Enhanced corrosion resistance and bonding strength of Mg substituted β-tricalcium phosphate/Mg(OH)2 composite coating on magnesium alloys via one-step hydrothermal method.

To overcome the defect of high degradation rate of magnesium (Mg), bioactive coatings with compact structure, sufficient bonding strength and enhanced corrosion resistance are essential for Mg-based biodegradable implants. In this study, a dense Mg-substituted β-tricalcium phosphate and magnesium hydroxide (β-TCMP/Mg(OH)2) composite coating was prepared on AZ31 alloy via one-step hydrothermal method. The influences of hydrothermal temperature on its composition, microstructure of the surface and interface, bonding strength and corrosion behavior were evaluated.

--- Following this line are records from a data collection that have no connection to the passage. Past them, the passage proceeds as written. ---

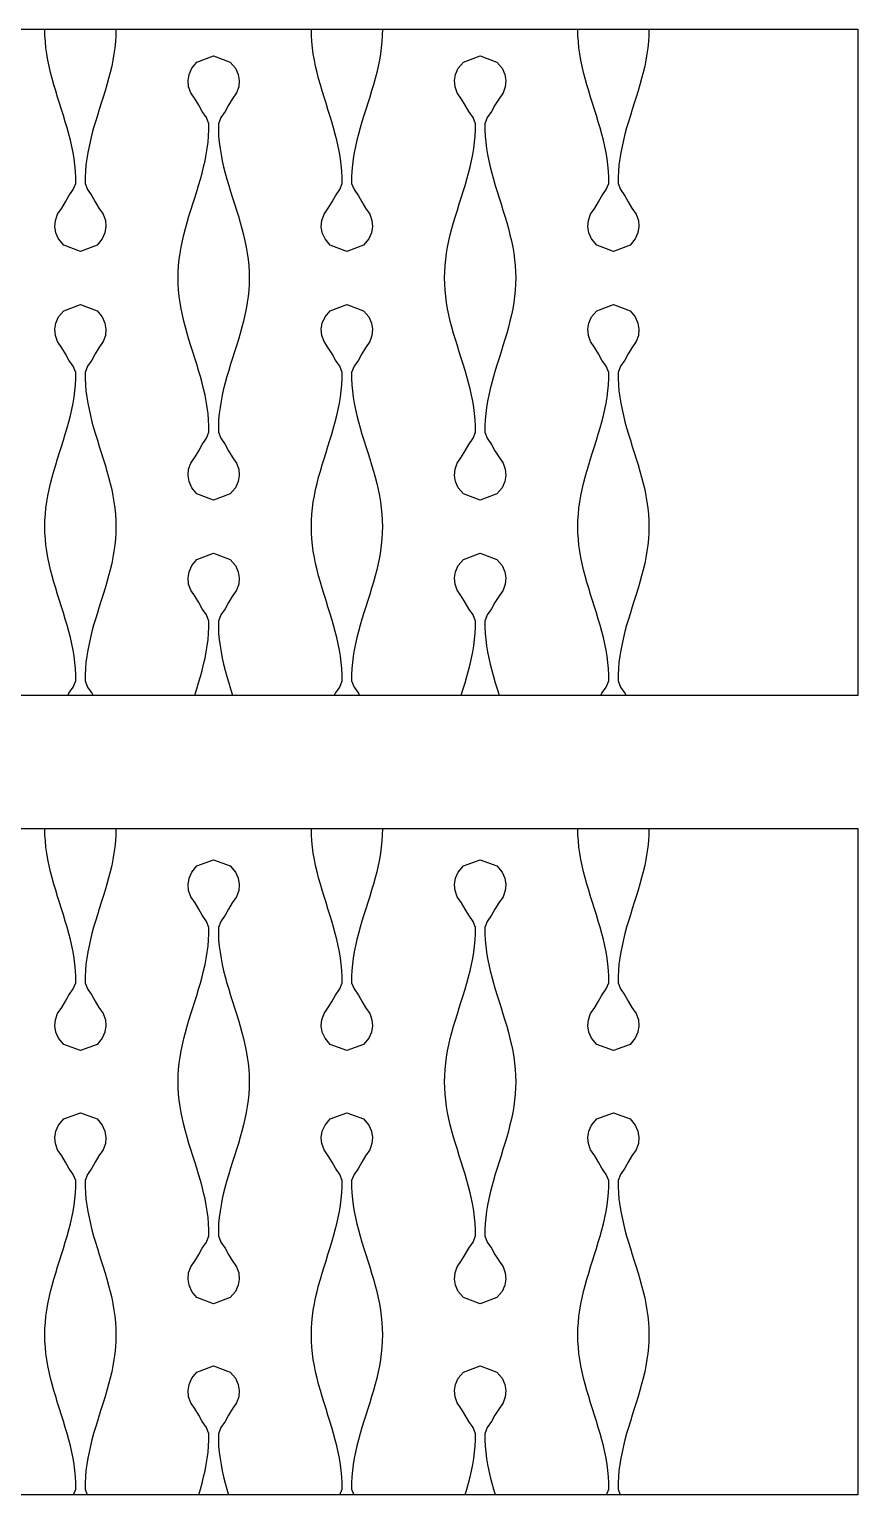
# Model space of a CAD drawing. Header units: millimetres. Extents: x 0 to 70, y 0 to 174.
# Drawn here: x 32.7 to 70, y 0 to 66 of the extents above; entities that cross this region are included whole.
import ezdxf

# ---------------------------------------------------------------- set-up
doc = ezdxf.new("R2010")
doc.units = ezdxf.units.MM
doc.layers.add('CUT', color=1, linetype='CONTINUOUS')

msp = doc.modelspace()

# ---------------------------------------------------------------- linework, layer by layer
at = {"layer": 'CUT'}
for points in [[(0, 66), (70, 66), (70, 36), (0, 36), (0, 66)], [(36.6, 66), (36.6, 66), (36.5944, 65.7222), (36.5778, 65.4444), (36.5504, 65.1667), (36.5126, 64.8889), (36.465, 64.6111), (36.4085, 64.3333), (36.3439, 64.0556), (36.2722, 63.7778), (36.1947, 63.5), (36.1124, 63.2222), (36.0269, 62.9444), (35.9394, 62.6667), (35.8513, 62.3889), (35.764, 62.1111), (35.679, 61.8333), (35.5976, 61.5556), (35.5211, 61.2778), (35.4508, 61), (35.3877, 60.7222), (35.3329, 60.4444), (35.2872, 60.1667), (35.2514, 59.8889), (35.2261, 59.6111), (35.2116, 59.3333), (35.2113, 59.0556), (35.3207, 58.7778), (35.5161, 58.5), (35.6671, 58.2222), (35.8361, 57.9444), (36.0306, 57.6667), (36.1274, 57.3889), (36.1513, 57.1111), (36.107, 56.8333), (35.9856, 56.5556), (35.7502, 56.2778), (35, 56), (35, 56), (34.2498, 56.2778), (34.0144, 56.5556), (33.893, 56.8333), (33.8487, 57.1111), (33.8726, 57.3889), (33.9694, 57.6667), (34.1639, 57.9444), (34.3329, 58.2222), (34.4839, 58.5), (34.6793, 58.7778), (34.7887, 59.0556), (34.7884, 59.3333), (34.7739, 59.6111), (34.7486, 59.8889), (34.7128, 60.1667), (34.6671, 60.4444), (34.6123, 60.7222), (34.5492, 61), (34.4789, 61.2778), (34.4024, 61.5556), (34.321, 61.8333), (34.236, 62.1111), (34.1487, 62.3889), (34.0606, 62.6667), (33.9731, 62.9444), (33.8876, 63.2222), (33.8053, 63.5), (33.7278, 63.7778), (33.6561, 64.0556), (33.5915, 64.3333), (33.535, 64.6111), (33.4874, 64.8889), (33.4496, 65.1667), (33.4222, 65.4444), (33.4056, 65.7222), (33.4, 66), (33.4, 66)], [(48.6, 66), (48.6, 66), (48.5944, 65.7222), (48.5778, 65.4444), (48.5504, 65.1667), (48.5126, 64.8889), (48.465, 64.6111), (48.4085, 64.3333), (48.3439, 64.0556), (48.2722, 63.7778), (48.1947, 63.5), (48.1124, 63.2222), (48.0269, 62.9444), (47.9394, 62.6667), (47.8513, 62.3889), (47.764, 62.1111), (47.679, 61.8333), (47.5976, 61.5556), (47.5211, 61.2778), (47.4508, 61), (47.3877, 60.7222), (47.3329, 60.4444), (47.2872, 60.1667), (47.2514, 59.8889), (47.2261, 59.6111), (47.2116, 59.3333), (47.2113, 59.0556), (47.3207, 58.7778), (47.5161, 58.5), (47.6671, 58.2222), (47.8361, 57.9444), (48.0306, 57.6667), (48.1274, 57.3889), (48.1513, 57.1111), (48.107, 56.8333), (47.9856, 56.5556), (47.7502, 56.2778), (47, 56), (47, 56), (46.2498, 56.2778), (46.0144, 56.5556), (45.893, 56.8333), (45.8487, 57.1111), (45.8726, 57.3889), (45.9694, 57.6667), (46.1639, 57.9444), (46.3329, 58.2222), (46.4839, 58.5), (46.6793, 58.7778), (46.7887, 59.0556), (46.7884, 59.3333), (46.7739, 59.6111), (46.7486, 59.8889), (46.7128, 60.1667), (46.6671, 60.4444), (46.6123, 60.7222), (46.5492, 61), (46.4789, 61.2778), (46.4024, 61.5556), (46.321, 61.8333), (46.236, 62.1111), (46.1487, 62.3889), (46.0606, 62.6667), (45.9731, 62.9444), (45.8876, 63.2222), (45.8053, 63.5), (45.7278, 63.7778), (45.6561, 64.0556), (45.5915, 64.3333), (45.535, 64.6111), (45.4874, 64.8889), (45.4496, 65.1667), (45.4222, 65.4444), (45.4056, 65.7222), (45.4, 66), (45.4, 66)], [(60.6, 66), (60.6, 66), (60.5944, 65.7222), (60.5778, 65.4444), (60.5504, 65.1667), (60.5126, 64.8889), (60.465, 64.6111), (60.4085, 64.3333), (60.3439, 64.0556), (60.2722, 63.7778), (60.1947, 63.5), (60.1124, 63.2222), (60.0269, 62.9444), (59.9394, 62.6667), (59.8513, 62.3889), (59.764, 62.1111), (59.679, 61.8333), (59.5976, 61.5556), (59.5211, 61.2778), (59.4508, 61), (59.3877, 60.7222), (59.3329, 60.4444), (59.2872, 60.1667), (59.2514, 59.8889), (59.2261, 59.6111), (59.2116, 59.3333), (59.2113, 59.0556), (59.3207, 58.7778), (59.5161, 58.5), (59.6671, 58.2222), (59.8361, 57.9444), (60.0306, 57.6667), (60.1274, 57.3889), (60.1513, 57.1111), (60.107, 56.8333), (59.9856, 56.5556), (59.7502, 56.2778), (59, 56), (59, 56), (58.2498, 56.2778), (58.0144, 56.5556), (57.893, 56.8333), (57.8487, 57.1111), (57.8726, 57.3889), (57.9694, 57.6667), (58.1639, 57.9444), (58.3329, 58.2222), (58.4839, 58.5), (58.6793, 58.7778), (58.7887, 59.0556), (58.7884, 59.3333), (58.7739, 59.6111), (58.7486, 59.8889), (58.7128, 60.1667), (58.6671, 60.4444), (58.6123, 60.7222), (58.5492, 61), (58.4789, 61.2778), (58.4024, 61.5556), (58.321, 61.8333), (58.236, 62.1111), (58.1487, 62.3889), (58.0606, 62.6667), (57.9731, 62.9444), (57.8876, 63.2222), (57.8053, 63.5), (57.7278, 63.7778), (57.6561, 64.0556), (57.5915, 64.3333), (57.535, 64.6111), (57.4874, 64.8889), (57.4496, 65.1667), (57.4222, 65.4444), (57.4056, 65.7222), (57.4, 66), (57.4, 66)], [(41, 64.8), (41.7502, 64.5222), (41.9856, 64.2444), (42.107, 63.9667), (42.1513, 63.6889), (42.1274, 63.4111), (42.0306, 63.1333), (41.8361, 62.8556), (41.6671, 62.5778), (41.5161, 62.3), (41.3207, 62.0222), (41.2113, 61.7444), (41.2116, 61.4667), (41.2261, 61.1889), (41.2514, 60.9111), (41.2872, 60.6333), (41.3329, 60.3556), (41.3877, 60.0778), (41.4508, 59.8), (41.5211, 59.5222), (41.5976, 59.2444), (41.679, 58.9667), (41.764, 58.6889), (41.8513, 58.4111), (41.9394, 58.1333), (42.0269, 57.8556), (42.1124, 57.5778), (42.1947, 57.3), (42.2722, 57.0222), (42.3439, 56.7444), (42.4085, 56.4667), (42.465, 56.1889), (42.5126, 55.9111), (42.5504, 55.6333), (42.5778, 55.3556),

The results showed that the compact composite coating synthesized at 140 °C not only possessed a crack-free bilayered structure with an adequate bonding strength (more than 20.88 ± 1.60 MPa), but also got an extreme high impedance (1197.003 ± 152.817 kΩ cm2) so that significantly enhanced the corrosion resistance and inhibited the formation of pitting corrosion. Furthermore, the in vitro immersion test suggested that the composite coating slower the initial degradation rate of Mg alloys and enhanced its surface bioactivity to some extent.